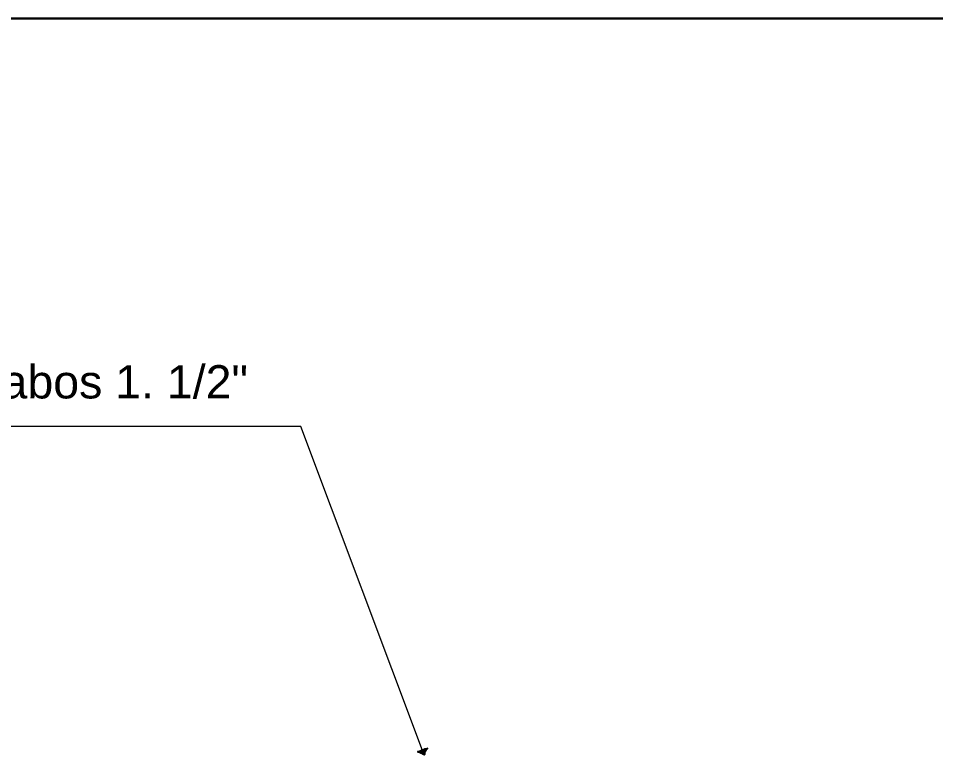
# Model space of a CAD drawing. Header units: millimetres. Extents: x 50 to 186, y -32 to 33.
# Drawn here: x 125.528 to 130.327, y -5.519 to -1.666 of the extents above; entities that cross this region are included whole.
import ezdxf

# ---------------------------------------------------------------- set-up
doc = ezdxf.new("R2010")
doc.units = ezdxf.units.MM
doc.layers.add('11 - Quadro de cargas', color=7, linetype='Continuous', lineweight=30)
doc.layers.add('Prumada Eletrica', color=40, linetype='Continuous', lineweight=30)
doc.styles.add('Arial0', font='arial.ttf', dxfattribs={"height": 3.14658})

msp = doc.modelspace()

# ---------------------------------------------------------------- hatches: boundary and pattern name
at = {"layer": 'Prumada Eletrica', "true_color": 0x000007}
h = msp.add_hatch(color=7, dxfattribs=at)
h.paths.add_polyline_path([(127.6415, -5.4983), (127.6346, -5.4983), (127.6457, -5.5052)])
h.paths.add_polyline_path([(127.6346, -5.4983), (127.6457, -5.5052), (127.6178, -5.5052)])
h.paths.add_polyline_path([(127.6457, -5.5052), (127.6178, -5.5052), (127.6248, -5.5052)])
h = msp.add_hatch(color=7, dxfattribs=at)
h.paths.add_polyline_path([(127.6457, -5.5052), (127.6248, -5.5052), (127.6457, -5.5094)])
h.paths.add_polyline_path([(127.6248, -5.5052), (127.6457, -5.5094), (127.6318, -5.5094)])
h = msp.add_hatch(color=7, dxfattribs=at)
h.paths.add_polyline_path([(127.6457, -5.5094), (127.6318, -5.5094), (127.6499, -5.5122)])
h.paths.add_polyline_path([(127.6318, -5.5094), (127.6499, -5.5122), (127.6388, -5.5122)])
h = msp.add_hatch(color=7, dxfattribs=at)
h.paths.add_polyline_path([(127.6499, -5.5122), (127.6388, -5.5122), (127.6499, -5.5164)])
h.paths.add_polyline_path([(127.6388, -5.5122), (127.6499, -5.5164), (127.6457, -5.5164)])
h = msp.add_hatch(color=7, dxfattribs=at)
h.paths.add_polyline_path([(127.6639, -5.4913), (127.6527, -5.4913), (127.6597, -5.4983)])
h.paths.add_polyline_path([(127.6527, -5.4913), (127.6597, -5.4983), (127.6415, -5.4983)])
h = msp.add_hatch(color=7, dxfattribs=at)
h.paths.add_polyline_path([(127.6569, -5.4983), (127.6415, -5.4983)])
h.paths.add_polyline_path([(127.6569, -5.4983), (127.6415, -5.4983), (127.6597, -5.4983)])
h = msp.add_hatch(color=7, dxfattribs=at)
h.paths.add_polyline_path([(127.6569, -5.4983), (127.6415, -5.4983), (127.6527, -5.5052)])
h.paths.add_polyline_path([(127.6415, -5.4983), (127.6527, -5.5052), (127.6457, -5.5052)])
h = msp.add_hatch(color=7, dxfattribs=at)
h.paths.add_polyline_path([(127.6527, -5.5052), (127.6457, -5.5052), (127.6527, -5.5122)])
h.paths.add_polyline_path([(127.6457, -5.5052), (127.6527, -5.5122), (127.6499, -5.5122)])
h = msp.add_hatch(color=7, dxfattribs=at)
h.paths.add_polyline_path([(127.6527, -5.5192), (127.6457, -5.5164)])
h.paths.add_polyline_path([(127.6527, -5.5192), (127.6457, -5.5164), (127.6499, -5.5164)])
h = msp.add_hatch(color=7, dxfattribs=at)
h.paths.add_polyline_path([(127.6499, -5.5122), (127.6499, -5.5164), (127.6527, -5.5164)])
h.paths.add_polyline_path([(127.6499, -5.5164), (127.6527, -5.5164), (127.6527, -5.5192)])
for points in [[(127.6499, -5.5122), (127.6527, -5.5122), (127.6527, -5.5164)], [(127.6667, -5.4871), (127.6639, -5.4913), (127.6527, -5.4913)]]:
    msp.add_hatch(color=7, dxfattribs=at).paths.add_polyline_path(points)

# ---------------------------------------------------------------- linework, layer by layer
at = {"layer": '11 - Quadro de cargas'}
msp.add_line((185.5001, -1.6663), (105.5001, -1.6663), dxfattribs=at)
at = {"layer": 'Prumada Eletrica', "color": 7, "linetype": 'Continuous', "lineweight": 20, "true_color": 0x000007}
for points in [[(127.6415, -5.4983), (127.006, -3.8026), (123.8452, -3.8026)], [(127.6667, -5.4871), (127.6415, -5.4983), (127.6178, -5.5052)], [(127.6415, -5.4983), (127.6527, -5.5192), (127.6527, -5.5192)], [(127.6527, -5.5192), (127.6415, -5.4983), (127.6415, -5.4983)]]:
    msp.add_lwpolyline(points, dxfattribs=at)
at = {"layer": 'Prumada Eletrica', "color": 7, "linetype": 'Continuous', "lineweight": -2, "true_color": 0x000007}
for points in [[(127.6346, -5.4983), (127.6457, -5.5052), (127.6178, -5.5052)], [(127.6457, -5.5052), (127.6178, -5.5052), (127.6248, -5.5052)], [(127.6178, -5.5052), (127.6457, -5.5052), (127.6457, -5.5052)], [(127.6457, -5.5052), (127.6248, -5.5052), (127.6457, -5.5094)], [(127.6248, -5.5052), (127.6457, -5.5094), (127.6318, -5.5094)], [(127.6457, -5.5094), (127.6318, -5.5094), (127.6499, -5.5122)], [(127.6318, -5.5094), (127.6499, -5.5122), (127.6388, -5.5122)], [(127.6415, -5.4983), (127.6346, -5.4983), (127.6346, -5.4983)], [(127.6415, -5.4983), (127.6346, -5.4983), (127.6457, -5.5052)], [(127.6499, -5.5122), (127.6388, -5.5122), (127.6499, -5.5164)], [(127.6388, -5.5122), (127.6499, -5.5164), (127.6457, -5.5164)], [(127.6527, -5.4913), (127.6597, -5.4983), (127.6415, -5.4983)], [(127.6569, -5.4983), (127.6569, -5.4983), (127.6415, -5.4983)], [(127.6569, -5.4983), (127.6415, -5.4983), (127.6597, -5.4983)], [(127.6569, -5.4983), (127.6415, -5.4983), (127.6527, -5.5052)], [(127.6415, -5.4983), (127.6527, -5.5052), (127.6457, -5.5052)], [(127.6527, -5.5052), (127.6457, -5.5052), (127.6527, -5.5122)], [(127.6457, -5.5052), (127.6527, -5.5122), (127.6499, -5.5122)], [(127.6527, -5.5192), (127.6527, -5.5192), (127.6457, -5.5164)], [(127.6527, -5.5192), (127.6457, -5.5164), (127.6499, -5.5164)], [(127.6499, -5.5122), (127.6499, -5.5164), (127.6527, -5.5164)], [(127.6499, -5.5122), (127.6527, -5.5122), (127.6527, -5.5164)], [(127.6499, -5.5164), (127.6527, -5.5164), (127.6527, -5.5192)], [(127.6667, -5.4871), (127.6639, -5.4913), (127.6527, -5.4913)], [(127.6639, -5.4913), (127.6527, -5.4913), (127.6597, -5.4983)]]:
    msp.add_lwpolyline(points, close=True, dxfattribs=at)
at = {"layer": 'Prumada Eletrica', "color": 7, "linetype": 'Continuous', "lineweight": 20, "true_color": 0x000007}
for points in [[(127.6541, -5.5164), (127.6443, -5.5066), (127.6318, -5.5011), (127.6178, -5.5011)], [(127.6695, -5.4843), (127.6597, -5.4927), (127.6541, -5.5066), (127.6527, -5.5192)]]:
    msp.add_open_spline(points, degree=3, dxfattribs=at)

# ---------------------------------------------------------------- texts
at = {"layer": 'Prumada Eletrica', "color": 7, "true_color": 0x000007, "style": 'Arial0'}
msp.add_text('Saída dos cabos 1. 1/2"', height=0.173998, dxfattribs=at).set_placement((124.1566, -3.6552))

doc.saveas('drawing.dxf')

TASK GOAL: Exclude the images and copy every record above exactly.

FINISHED EXERCISE:
# Model space of a CAD drawing. Header units: millimetres. Extents: x 50 to 186, y -32 to 33.
# Drawn here: x 125.528 to 130.327, y -5.519 to -1.666 of the extents above; entities that cross this region are included whole.
import ezdxf

# ---------------------------------------------------------------- set-up
doc = ezdxf.new("R2010")
doc.units = ezdxf.units.MM
doc.layers.add('11 - Quadro de cargas', color=7, linetype='Continuous', lineweight=30)
doc.layers.add('Prumada Eletrica', color=40, linetype='Continuous', lineweight=30)
doc.styles.add('Arial0', font='arial.ttf', dxfattribs={"height": 3.14658})

msp = doc.modelspace()

# ---------------------------------------------------------------- hatches: boundary and pattern name
at = {"layer": 'Prumada Eletrica', "true_color": 0x000007}
h = msp.add_hatch(color=7, dxfattribs=at)
h.paths.add_polyline_path([(127.6415, -5.4983), (127.6346, -5.4983), (127.6457, -5.5052)])
h.paths.add_polyline_path([(127.6346, -5.4983), (127.6457, -5.5052), (127.6178, -5.5052)])
h.paths.add_polyline_path([(127.6457, -5.5052), (127.6178, -5.5052), (127.6248, -5.5052)])
h = msp.add_hatch(color=7, dxfattribs=at)
h.paths.add_polyline_path([(127.6457, -5.5052), (127.6248, -5.5052), (127.6457, -5.5094)])
h.paths.add_polyline_path([(127.6248, -5.5052), (127.6457, -5.5094), (127.6318, -5.5094)])
h = msp.add_hatch(color=7, dxfattribs=at)
h.paths.add_polyline_path([(127.6457, -5.5094), (127.6318, -5.5094), (127.6499, -5.5122)])
h.paths.add_polyline_path([(127.6318, -5.5094), (127.6499, -5.5122), (127.6388, -5.5122)])
h = msp.add_hatch(color=7, dxfattribs=at)
h.paths.add_polyline_path([(127.6499, -5.5122), (127.6388, -5.5122), (127.6499, -5.5164)])
h.paths.add_polyline_path([(127.6388, -5.5122), (127.6499, -5.5164), (127.6457, -5.5164)])
h = msp.add_hatch(color=7, dxfattribs=at)
h.paths.add_polyline_path([(127.6639, -5.4913), (127.6527, -5.4913), (127.6597, -5.4983)])
h.paths.add_polyline_path([(127.6527, -5.4913), (127.6597, -5.4983), (127.6415, -5.4983)])
h = msp.add_hatch(color=7, dxfattribs=at)
h.paths.add_polyline_path([(127.6569, -5.4983), (127.6415, -5.4983)])
h.paths.add_polyline_path([(127.6569, -5.4983), (127.6415, -5.4983), (127.6597, -5.4983)])
h = msp.add_hatch(color=7, dxfattribs=at)
h.paths.add_polyline_path([(127.6569, -5.4983), (127.6415, -5.4983), (127.6527, -5.5052)])
h.paths.add_polyline_path([(127.6415, -5.4983), (127.6527, -5.5052), (127.6457, -5.5052)])
h = msp.add_hatch(color=7, dxfattribs=at)
h.paths.add_polyline_path([(127.6527, -5.5052), (127.6457, -5.5052), (127.6527, -5.5122)])
h.paths.add_polyline_path([(127.6457, -5.5052), (127.6527, -5.5122), (127.6499, -5.5122)])
h = msp.add_hatch(color=7, dxfattribs=at)
h.paths.add_polyline_path([(127.6527, -5.5192), (127.6457, -5.5164)])
h.paths.add_polyline_path([(127.6527, -5.5192), (127.6457, -5.5164), (127.6499, -5.5164)])
h = msp.add_hatch(color=7, dxfattribs=at)
h.paths.add_polyline_path([(127.6499, -5.5122), (127.6499, -5.5164), (127.6527, -5.5164)])
h.paths.add_polyline_path([(127.6499, -5.5164), (127.6527, -5.5164), (127.6527, -5.5192)])
for points in [[(127.6499, -5.5122), (127.6527, -5.5122), (127.6527, -5.5164)], [(127.6667, -5.4871), (127.6639, -5.4913), (127.6527, -5.4913)]]:
    msp.add_hatch(color=7, dxfattribs=at).paths.add_polyline_path(points)

# ---------------------------------------------------------------- linework, layer by layer
at = {"layer": '11 - Quadro de cargas'}
msp.add_line((185.5001, -1.6663), (105.5001, -1.6663), dxfattribs=at)
at = {"layer": 'Prumada Eletrica', "color": 7, "linetype": 'Continuous', "lineweight": 20, "true_color": 0x000007}
for points in [[(127.6415, -5.4983), (127.006, -3.8026), (123.8452, -3.8026)], [(127.6667, -5.4871), (127.6415, -5.4983), (127.6178, -5.5052)], [(127.6415, -5.4983), (127.6527, -5.5192), (127.6527, -5.5192)], [(127.6527, -5.5192), (127.6415, -5.4983), (127.6415, -5.4983)]]:
    msp.add_lwpolyline(points, dxfattribs=at)
at = {"layer": 'Prumada Eletrica', "color": 7, "linetype": 'Continuous', "lineweight": -2, "true_color": 0x000007}
for points in [[(127.6346, -5.4983), (127.6457, -5.5052), (127.6178, -5.5052)], [(127.6457, -5.5052), (127.6178, -5.5052), (127.6248, -5.5052)], [(127.6178, -5.5052), (127.6457, -5.5052), (127.6457, -5.5052)], [(127.6457, -5.5052), (127.6248, -5.5052), (127.6457, -5.5094)], [(127.6248, -5.5052), (127.6457, -5.5094), (127.6318, -5.5094)], [(127.6457, -5.5094), (127.6318, -5.5094), (127.6499, -5.5122)], [(127.6318, -5.5094), (127.6499, -5.5122), (127.6388, -5.5122)], [(127.6415, -5.4983), (127.6346, -5.4983), (127.6346, -5.4983)], [(127.6415, -5.4983), (127.6346, -5.4983), (127.6457, -5.5052)], [(127.6499, -5.5122), (127.6388, -5.5122), (127.6499, -5.5164)], [(127.6388, -5.5122), (127.6499, -5.5164), (127.6457, -5.5164)], [(127.6527, -5.4913), (127.6597, -5.4983), (127.6415, -5.4983)], [(127.6569, -5.4983), (127.6569, -5.4983), (127.6415, -5.4983)], [(127.6569, -5.4983), (127.6415, -5.4983), (127.6597, -5.4983)], [(127.6569, -5.4983), (127.6415, -5.4983), (127.6527, -5.5052)], [(127.6415, -5.4983), (127.6527, -5.5052), (127.6457, -5.5052)], [(127.6527, -5.5052), (127.6457, -5.5052), (127.6527, -5.5122)], [(127.6457, -5.5052), (127.6527, -5.5122), (127.6499, -5.5122)], [(127.6527, -5.5192), (127.6527, -5.5192), (127.6457, -5.5164)], [(127.6527, -5.5192), (127.6457, -5.5164), (127.6499, -5.5164)], [(127.6499, -5.5122), (127.6499, -5.5164), (127.6527, -5.5164)], [(127.6499, -5.5122), (127.6527, -5.5122), (127.6527, -5.5164)], [(127.6499, -5.5164), (127.6527, -5.5164), (127.6527, -5.5192)], [(127.6667, -5.4871), (127.6639, -5.4913), (127.6527, -5.4913)], [(127.6639, -5.4913), (127.6527, -5.4913), (127.6597, -5.4983)]]:
    msp.add_lwpolyline(points, close=True, dxfattribs=at)
at = {"layer": 'Prumada Eletrica', "color": 7, "linetype": 'Continuous', "lineweight": 20, "true_color": 0x000007}
for points in [[(127.6541, -5.5164), (127.6443, -5.5066), (127.6318, -5.5011), (127.6178, -5.5011)], [(127.6695, -5.4843), (127.6597, -5.4927), (127.6541, -5.5066), (127.6527, -5.5192)]]:
    msp.add_open_spline(points, degree=3, dxfattribs=at)

# ---------------------------------------------------------------- texts
at = {"layer": 'Prumada Eletrica', "color": 7, "true_color": 0x000007, "style": 'Arial0'}
msp.add_text('Saída dos cabos 1. 1/2"', height=0.173998, dxfattribs=at).set_placement((124.1566, -3.6552))

doc.saveas('drawing.dxf')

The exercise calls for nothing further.